= REQUIREMENT =
For the entries below, the result should be an exact transcription of the lines from the one with "layer by layer" up to and including the one with "1, 1], dxfattribs=at)", and only those.

(Stored records)
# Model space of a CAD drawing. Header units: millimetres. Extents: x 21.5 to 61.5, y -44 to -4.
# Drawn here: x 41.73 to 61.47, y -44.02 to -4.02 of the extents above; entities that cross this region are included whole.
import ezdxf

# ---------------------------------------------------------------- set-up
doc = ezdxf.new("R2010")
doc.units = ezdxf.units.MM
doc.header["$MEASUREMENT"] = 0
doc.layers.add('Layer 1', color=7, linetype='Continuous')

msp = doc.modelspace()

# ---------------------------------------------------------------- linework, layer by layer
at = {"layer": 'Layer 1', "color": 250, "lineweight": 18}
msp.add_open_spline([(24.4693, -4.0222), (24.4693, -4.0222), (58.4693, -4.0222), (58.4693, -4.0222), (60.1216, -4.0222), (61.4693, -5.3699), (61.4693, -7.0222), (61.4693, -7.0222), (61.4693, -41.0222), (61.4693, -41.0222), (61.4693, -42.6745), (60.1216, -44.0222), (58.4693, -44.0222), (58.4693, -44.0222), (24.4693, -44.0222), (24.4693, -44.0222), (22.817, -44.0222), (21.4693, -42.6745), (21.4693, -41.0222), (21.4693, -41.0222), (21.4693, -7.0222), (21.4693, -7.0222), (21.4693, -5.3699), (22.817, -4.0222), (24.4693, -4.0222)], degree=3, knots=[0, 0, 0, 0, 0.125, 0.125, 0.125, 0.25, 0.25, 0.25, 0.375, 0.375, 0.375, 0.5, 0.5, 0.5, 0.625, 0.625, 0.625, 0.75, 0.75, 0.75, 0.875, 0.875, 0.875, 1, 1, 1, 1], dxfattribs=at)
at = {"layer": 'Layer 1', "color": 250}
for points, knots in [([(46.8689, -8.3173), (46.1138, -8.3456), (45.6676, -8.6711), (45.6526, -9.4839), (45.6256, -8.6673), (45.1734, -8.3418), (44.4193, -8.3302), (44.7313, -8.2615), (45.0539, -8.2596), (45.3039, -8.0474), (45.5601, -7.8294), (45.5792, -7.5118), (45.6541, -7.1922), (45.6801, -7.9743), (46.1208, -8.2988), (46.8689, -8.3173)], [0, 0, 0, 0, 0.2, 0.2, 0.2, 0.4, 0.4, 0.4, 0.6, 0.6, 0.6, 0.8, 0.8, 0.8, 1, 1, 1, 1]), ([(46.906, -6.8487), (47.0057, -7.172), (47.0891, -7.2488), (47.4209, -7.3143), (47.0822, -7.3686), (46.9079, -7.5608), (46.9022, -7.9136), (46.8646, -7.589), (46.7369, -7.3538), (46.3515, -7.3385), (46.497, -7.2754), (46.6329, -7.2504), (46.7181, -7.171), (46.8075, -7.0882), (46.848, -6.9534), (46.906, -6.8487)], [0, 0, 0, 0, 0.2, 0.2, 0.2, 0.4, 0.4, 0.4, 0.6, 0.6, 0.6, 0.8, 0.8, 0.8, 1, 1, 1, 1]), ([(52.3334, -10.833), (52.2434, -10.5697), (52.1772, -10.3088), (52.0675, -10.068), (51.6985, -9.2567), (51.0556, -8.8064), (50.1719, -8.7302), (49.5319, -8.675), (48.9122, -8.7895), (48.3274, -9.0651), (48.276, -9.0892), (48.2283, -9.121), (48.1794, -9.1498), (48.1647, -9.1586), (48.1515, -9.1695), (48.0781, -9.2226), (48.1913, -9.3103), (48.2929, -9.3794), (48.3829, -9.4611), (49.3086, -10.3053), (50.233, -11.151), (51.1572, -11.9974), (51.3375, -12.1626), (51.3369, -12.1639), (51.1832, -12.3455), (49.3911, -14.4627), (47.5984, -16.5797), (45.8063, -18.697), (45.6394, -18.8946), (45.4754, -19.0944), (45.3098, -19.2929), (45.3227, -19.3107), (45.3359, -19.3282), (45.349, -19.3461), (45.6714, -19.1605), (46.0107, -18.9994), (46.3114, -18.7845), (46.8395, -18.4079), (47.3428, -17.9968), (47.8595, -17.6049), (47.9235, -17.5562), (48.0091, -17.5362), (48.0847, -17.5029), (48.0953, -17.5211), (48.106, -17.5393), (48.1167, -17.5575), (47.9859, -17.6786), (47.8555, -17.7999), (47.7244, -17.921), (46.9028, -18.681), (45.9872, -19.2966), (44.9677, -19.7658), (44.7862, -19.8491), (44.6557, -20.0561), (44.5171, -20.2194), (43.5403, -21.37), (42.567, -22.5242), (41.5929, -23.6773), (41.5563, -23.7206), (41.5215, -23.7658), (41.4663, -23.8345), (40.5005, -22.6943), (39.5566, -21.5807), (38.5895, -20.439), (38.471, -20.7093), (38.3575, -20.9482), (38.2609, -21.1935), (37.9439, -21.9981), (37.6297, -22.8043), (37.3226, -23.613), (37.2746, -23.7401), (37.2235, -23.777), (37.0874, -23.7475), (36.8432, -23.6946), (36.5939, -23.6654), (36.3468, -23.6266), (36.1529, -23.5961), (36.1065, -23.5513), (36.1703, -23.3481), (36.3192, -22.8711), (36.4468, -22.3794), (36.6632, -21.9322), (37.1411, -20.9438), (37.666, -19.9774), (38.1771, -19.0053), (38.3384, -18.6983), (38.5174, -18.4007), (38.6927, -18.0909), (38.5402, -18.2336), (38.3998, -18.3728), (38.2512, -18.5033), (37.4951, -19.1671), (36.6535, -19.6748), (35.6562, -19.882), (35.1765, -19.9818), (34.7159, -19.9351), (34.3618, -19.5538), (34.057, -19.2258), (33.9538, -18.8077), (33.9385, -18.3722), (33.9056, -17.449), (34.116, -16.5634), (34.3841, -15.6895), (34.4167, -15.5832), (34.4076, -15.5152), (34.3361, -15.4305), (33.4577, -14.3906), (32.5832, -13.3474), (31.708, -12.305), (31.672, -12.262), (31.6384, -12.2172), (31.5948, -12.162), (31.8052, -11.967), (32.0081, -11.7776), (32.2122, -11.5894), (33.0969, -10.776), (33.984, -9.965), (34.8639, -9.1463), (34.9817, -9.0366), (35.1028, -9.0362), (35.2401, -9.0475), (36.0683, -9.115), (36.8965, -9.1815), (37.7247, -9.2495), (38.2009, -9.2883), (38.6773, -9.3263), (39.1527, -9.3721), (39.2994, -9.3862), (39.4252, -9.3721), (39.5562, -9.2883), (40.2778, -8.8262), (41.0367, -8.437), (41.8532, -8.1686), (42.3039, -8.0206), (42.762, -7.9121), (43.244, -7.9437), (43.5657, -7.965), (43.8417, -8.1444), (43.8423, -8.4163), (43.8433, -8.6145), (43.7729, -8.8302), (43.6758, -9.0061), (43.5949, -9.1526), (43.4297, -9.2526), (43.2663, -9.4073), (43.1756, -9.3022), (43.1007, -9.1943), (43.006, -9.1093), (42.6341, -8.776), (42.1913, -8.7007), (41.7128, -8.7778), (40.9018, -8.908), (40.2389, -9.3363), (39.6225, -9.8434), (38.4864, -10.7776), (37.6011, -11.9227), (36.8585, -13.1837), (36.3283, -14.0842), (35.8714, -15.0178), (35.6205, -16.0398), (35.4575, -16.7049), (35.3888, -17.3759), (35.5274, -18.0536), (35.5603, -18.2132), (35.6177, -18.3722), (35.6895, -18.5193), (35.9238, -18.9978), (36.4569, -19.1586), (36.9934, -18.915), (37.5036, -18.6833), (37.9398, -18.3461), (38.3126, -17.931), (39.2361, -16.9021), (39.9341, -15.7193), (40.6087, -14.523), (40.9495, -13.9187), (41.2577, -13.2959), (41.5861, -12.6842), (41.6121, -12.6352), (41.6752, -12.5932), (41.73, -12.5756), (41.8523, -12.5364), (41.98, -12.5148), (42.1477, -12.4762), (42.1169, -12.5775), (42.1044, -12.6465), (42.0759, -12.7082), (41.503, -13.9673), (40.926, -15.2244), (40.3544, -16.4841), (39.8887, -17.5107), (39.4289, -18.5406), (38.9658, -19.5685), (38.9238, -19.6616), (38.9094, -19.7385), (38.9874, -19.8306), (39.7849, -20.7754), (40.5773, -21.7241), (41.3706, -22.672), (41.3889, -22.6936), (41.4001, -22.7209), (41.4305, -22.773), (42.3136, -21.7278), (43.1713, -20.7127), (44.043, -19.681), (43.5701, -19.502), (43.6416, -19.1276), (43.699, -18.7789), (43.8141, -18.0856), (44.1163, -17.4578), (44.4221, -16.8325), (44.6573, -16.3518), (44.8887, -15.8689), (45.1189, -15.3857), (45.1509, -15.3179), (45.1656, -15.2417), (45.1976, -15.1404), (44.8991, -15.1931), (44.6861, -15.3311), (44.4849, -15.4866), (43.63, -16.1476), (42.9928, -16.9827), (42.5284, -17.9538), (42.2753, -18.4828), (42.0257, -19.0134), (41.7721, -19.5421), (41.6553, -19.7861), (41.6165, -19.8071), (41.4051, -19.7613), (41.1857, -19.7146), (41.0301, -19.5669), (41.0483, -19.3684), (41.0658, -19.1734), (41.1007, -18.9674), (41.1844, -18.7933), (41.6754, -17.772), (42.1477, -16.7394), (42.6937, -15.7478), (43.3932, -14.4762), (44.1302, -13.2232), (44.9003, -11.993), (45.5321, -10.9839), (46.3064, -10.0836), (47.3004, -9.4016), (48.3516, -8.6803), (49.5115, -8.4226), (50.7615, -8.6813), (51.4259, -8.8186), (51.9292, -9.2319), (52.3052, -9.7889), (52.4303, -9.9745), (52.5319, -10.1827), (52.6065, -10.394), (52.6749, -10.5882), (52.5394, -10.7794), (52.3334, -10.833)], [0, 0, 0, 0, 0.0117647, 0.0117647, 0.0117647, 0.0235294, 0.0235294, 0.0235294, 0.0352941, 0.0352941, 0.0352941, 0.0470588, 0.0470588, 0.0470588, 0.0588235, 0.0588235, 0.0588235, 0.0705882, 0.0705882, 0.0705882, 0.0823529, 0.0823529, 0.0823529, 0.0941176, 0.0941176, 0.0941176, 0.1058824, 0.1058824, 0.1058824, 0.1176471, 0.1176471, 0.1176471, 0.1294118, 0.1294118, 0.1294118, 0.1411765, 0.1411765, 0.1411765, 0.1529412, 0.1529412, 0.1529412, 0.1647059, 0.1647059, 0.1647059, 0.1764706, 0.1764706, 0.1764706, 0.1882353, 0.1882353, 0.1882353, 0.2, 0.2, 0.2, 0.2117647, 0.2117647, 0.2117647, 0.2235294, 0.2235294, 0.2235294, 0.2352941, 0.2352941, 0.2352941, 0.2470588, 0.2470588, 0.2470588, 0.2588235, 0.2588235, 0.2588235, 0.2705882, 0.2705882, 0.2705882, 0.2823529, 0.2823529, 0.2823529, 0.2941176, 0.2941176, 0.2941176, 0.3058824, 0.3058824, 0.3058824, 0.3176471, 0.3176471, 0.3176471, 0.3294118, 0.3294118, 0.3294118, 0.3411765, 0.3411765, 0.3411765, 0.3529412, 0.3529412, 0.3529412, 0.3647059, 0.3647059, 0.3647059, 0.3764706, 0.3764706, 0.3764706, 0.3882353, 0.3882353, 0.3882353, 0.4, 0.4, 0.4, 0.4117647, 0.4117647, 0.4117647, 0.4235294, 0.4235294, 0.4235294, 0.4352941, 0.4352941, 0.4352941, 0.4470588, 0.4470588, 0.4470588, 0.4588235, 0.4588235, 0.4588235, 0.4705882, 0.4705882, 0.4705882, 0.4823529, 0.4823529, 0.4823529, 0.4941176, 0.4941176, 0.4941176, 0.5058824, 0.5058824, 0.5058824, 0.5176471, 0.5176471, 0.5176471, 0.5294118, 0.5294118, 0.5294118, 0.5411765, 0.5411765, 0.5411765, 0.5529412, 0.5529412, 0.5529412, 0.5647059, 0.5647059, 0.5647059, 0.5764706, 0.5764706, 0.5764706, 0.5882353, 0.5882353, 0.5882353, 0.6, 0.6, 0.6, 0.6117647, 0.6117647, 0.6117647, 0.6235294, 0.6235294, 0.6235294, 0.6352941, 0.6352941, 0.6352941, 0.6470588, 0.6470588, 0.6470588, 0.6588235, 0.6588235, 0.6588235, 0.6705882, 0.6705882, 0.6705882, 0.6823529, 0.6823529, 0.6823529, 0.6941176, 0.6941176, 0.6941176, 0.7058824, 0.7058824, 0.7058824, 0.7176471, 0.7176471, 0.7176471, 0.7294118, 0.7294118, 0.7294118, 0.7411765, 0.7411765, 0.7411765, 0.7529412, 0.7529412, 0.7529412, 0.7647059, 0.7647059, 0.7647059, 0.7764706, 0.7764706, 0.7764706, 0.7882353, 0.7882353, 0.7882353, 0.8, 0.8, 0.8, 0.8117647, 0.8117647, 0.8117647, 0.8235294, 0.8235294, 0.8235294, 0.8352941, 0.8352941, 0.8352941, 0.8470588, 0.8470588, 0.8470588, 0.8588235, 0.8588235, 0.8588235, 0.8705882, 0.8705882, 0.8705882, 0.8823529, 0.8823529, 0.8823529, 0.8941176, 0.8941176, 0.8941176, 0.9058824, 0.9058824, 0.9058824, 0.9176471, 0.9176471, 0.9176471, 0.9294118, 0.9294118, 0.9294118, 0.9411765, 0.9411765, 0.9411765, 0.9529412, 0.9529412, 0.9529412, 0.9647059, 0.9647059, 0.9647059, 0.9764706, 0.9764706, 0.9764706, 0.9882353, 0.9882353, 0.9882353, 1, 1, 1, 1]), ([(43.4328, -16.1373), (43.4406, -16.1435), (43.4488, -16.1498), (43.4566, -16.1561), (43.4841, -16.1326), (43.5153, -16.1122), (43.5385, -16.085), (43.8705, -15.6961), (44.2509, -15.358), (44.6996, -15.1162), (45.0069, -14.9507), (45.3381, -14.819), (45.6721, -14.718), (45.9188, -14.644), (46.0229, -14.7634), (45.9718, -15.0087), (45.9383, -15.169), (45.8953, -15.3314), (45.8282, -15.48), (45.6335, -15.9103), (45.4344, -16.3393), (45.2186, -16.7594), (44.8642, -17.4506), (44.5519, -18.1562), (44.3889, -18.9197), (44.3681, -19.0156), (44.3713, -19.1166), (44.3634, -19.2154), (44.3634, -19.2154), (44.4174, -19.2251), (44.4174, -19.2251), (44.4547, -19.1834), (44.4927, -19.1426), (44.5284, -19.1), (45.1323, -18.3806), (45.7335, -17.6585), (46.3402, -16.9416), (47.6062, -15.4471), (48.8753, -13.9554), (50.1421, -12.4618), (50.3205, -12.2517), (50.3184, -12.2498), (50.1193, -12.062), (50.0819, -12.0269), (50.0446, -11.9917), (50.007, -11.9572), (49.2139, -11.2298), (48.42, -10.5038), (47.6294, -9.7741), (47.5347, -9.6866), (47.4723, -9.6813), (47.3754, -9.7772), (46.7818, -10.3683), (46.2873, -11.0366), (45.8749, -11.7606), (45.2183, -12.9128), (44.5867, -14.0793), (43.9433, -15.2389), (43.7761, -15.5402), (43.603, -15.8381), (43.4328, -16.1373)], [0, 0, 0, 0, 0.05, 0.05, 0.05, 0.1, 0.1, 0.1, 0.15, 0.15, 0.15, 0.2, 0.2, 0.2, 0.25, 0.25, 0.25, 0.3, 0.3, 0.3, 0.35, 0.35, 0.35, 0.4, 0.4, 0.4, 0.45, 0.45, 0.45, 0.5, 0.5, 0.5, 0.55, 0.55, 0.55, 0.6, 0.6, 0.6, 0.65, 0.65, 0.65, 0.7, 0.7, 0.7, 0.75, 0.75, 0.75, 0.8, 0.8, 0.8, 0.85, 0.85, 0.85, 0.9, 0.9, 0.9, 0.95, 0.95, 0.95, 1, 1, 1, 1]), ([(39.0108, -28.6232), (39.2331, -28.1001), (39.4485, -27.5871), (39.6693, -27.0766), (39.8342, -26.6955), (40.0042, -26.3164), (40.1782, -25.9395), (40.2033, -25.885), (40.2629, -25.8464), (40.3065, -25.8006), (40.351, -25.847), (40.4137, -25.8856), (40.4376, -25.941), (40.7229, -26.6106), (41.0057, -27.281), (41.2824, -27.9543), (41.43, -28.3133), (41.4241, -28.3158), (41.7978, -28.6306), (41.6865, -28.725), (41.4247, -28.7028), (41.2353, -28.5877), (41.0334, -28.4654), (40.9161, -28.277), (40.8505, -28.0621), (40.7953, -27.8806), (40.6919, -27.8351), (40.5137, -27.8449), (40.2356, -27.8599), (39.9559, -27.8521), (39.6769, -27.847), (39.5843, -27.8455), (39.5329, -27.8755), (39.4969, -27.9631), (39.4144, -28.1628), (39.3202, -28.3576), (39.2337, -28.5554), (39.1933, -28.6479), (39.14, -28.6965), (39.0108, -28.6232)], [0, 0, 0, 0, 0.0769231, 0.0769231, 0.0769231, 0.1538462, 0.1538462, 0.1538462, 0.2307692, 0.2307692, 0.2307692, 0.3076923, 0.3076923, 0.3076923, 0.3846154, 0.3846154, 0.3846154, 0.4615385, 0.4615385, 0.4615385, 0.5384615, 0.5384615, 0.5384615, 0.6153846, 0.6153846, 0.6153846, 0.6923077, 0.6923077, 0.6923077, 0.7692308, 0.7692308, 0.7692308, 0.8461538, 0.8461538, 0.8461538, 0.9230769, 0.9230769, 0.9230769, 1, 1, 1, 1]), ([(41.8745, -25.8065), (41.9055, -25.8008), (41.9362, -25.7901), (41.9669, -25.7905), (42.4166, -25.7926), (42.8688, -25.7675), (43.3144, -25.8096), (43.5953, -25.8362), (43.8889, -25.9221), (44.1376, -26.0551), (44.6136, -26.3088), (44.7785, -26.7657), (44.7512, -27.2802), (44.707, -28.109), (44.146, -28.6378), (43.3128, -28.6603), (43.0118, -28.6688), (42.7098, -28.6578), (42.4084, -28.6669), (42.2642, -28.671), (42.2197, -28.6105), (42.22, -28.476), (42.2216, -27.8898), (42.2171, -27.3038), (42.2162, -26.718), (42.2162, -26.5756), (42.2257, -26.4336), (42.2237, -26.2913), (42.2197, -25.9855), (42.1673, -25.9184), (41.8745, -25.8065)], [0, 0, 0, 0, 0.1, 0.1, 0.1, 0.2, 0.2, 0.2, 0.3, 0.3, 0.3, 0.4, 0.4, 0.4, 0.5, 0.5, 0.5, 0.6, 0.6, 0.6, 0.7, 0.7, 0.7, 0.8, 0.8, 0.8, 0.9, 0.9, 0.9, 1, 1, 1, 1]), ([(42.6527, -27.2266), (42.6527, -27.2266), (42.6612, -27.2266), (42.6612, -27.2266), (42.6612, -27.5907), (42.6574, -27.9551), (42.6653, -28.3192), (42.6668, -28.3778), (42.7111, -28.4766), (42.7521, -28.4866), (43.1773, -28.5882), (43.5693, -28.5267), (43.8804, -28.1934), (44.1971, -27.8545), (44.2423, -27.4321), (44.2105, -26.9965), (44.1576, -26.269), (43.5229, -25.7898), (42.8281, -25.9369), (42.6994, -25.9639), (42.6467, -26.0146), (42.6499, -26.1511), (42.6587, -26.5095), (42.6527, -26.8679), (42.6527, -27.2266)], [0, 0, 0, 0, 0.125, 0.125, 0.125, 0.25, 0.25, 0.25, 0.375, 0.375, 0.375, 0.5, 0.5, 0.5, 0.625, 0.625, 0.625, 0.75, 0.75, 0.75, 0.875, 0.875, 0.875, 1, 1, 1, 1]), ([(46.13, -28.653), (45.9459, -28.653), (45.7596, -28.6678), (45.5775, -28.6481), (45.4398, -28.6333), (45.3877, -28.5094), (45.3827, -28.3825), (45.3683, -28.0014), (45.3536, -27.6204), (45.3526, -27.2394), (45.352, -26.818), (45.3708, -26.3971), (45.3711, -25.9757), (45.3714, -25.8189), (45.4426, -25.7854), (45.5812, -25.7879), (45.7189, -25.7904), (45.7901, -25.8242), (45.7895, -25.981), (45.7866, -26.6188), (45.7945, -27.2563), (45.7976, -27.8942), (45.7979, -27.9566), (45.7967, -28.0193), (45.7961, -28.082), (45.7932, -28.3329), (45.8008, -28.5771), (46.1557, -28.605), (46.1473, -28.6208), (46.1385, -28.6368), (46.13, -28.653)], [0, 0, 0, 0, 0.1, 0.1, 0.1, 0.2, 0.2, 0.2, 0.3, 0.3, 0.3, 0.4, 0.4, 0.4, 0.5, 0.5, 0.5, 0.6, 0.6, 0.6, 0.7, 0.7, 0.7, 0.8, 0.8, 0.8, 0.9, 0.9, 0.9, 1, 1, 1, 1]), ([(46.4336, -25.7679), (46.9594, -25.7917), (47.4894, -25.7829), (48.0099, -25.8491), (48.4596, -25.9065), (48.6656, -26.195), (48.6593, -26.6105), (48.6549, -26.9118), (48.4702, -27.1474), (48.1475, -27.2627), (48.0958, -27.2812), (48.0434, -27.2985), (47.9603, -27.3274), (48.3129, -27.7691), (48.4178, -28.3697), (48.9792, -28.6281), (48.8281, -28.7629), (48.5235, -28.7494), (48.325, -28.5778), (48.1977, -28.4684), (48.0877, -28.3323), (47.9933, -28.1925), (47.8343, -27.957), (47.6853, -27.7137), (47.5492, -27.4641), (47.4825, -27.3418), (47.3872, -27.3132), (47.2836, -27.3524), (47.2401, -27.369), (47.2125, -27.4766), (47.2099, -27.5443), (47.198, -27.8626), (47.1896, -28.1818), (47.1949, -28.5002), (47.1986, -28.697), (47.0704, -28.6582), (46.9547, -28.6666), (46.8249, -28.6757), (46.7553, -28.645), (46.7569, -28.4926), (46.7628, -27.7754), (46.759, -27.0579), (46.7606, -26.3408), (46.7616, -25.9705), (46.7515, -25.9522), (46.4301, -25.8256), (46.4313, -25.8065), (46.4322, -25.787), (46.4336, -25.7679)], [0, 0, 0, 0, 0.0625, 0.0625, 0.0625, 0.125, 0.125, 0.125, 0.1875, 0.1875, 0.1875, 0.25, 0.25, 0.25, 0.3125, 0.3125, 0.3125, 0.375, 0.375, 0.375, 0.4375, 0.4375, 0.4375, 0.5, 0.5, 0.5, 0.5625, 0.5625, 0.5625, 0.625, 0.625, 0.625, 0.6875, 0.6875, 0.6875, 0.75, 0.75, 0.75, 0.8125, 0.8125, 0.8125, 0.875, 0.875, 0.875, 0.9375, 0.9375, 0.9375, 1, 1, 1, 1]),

= EXERCISE OUTPUT =
# ---------------------------------------------------------------- linework, layer by layer
at = {"layer": 'Layer 1', "color": 250, "lineweight": 18}
msp.add_open_spline([(24.4693, -4.0222), (24.4693, -4.0222), (58.4693, -4.0222), (58.4693, -4.0222), (60.1216, -4.0222), (61.4693, -5.3699), (61.4693, -7.0222), (61.4693, -7.0222), (61.4693, -41.0222), (61.4693, -41.0222), (61.4693, -42.6745), (60.1216, -44.0222), (58.4693, -44.0222), (58.4693, -44.0222), (24.4693, -44.0222), (24.4693, -44.0222), (22.817, -44.0222), (21.4693, -42.6745), (21.4693, -41.0222), (21.4693, -41.0222), (21.4693, -7.0222), (21.4693, -7.0222), (21.4693, -5.3699), (22.817, -4.0222), (24.4693, -4.0222)], degree=3, knots=[0, 0, 0, 0, 0.125, 0.125, 0.125, 0.25, 0.25, 0.25, 0.375, 0.375, 0.375, 0.5, 0.5, 0.5, 0.625, 0.625, 0.625, 0.75, 0.75, 0.75, 0.875, 0.875, 0.875, 1, 1, 1, 1], dxfattribs=at)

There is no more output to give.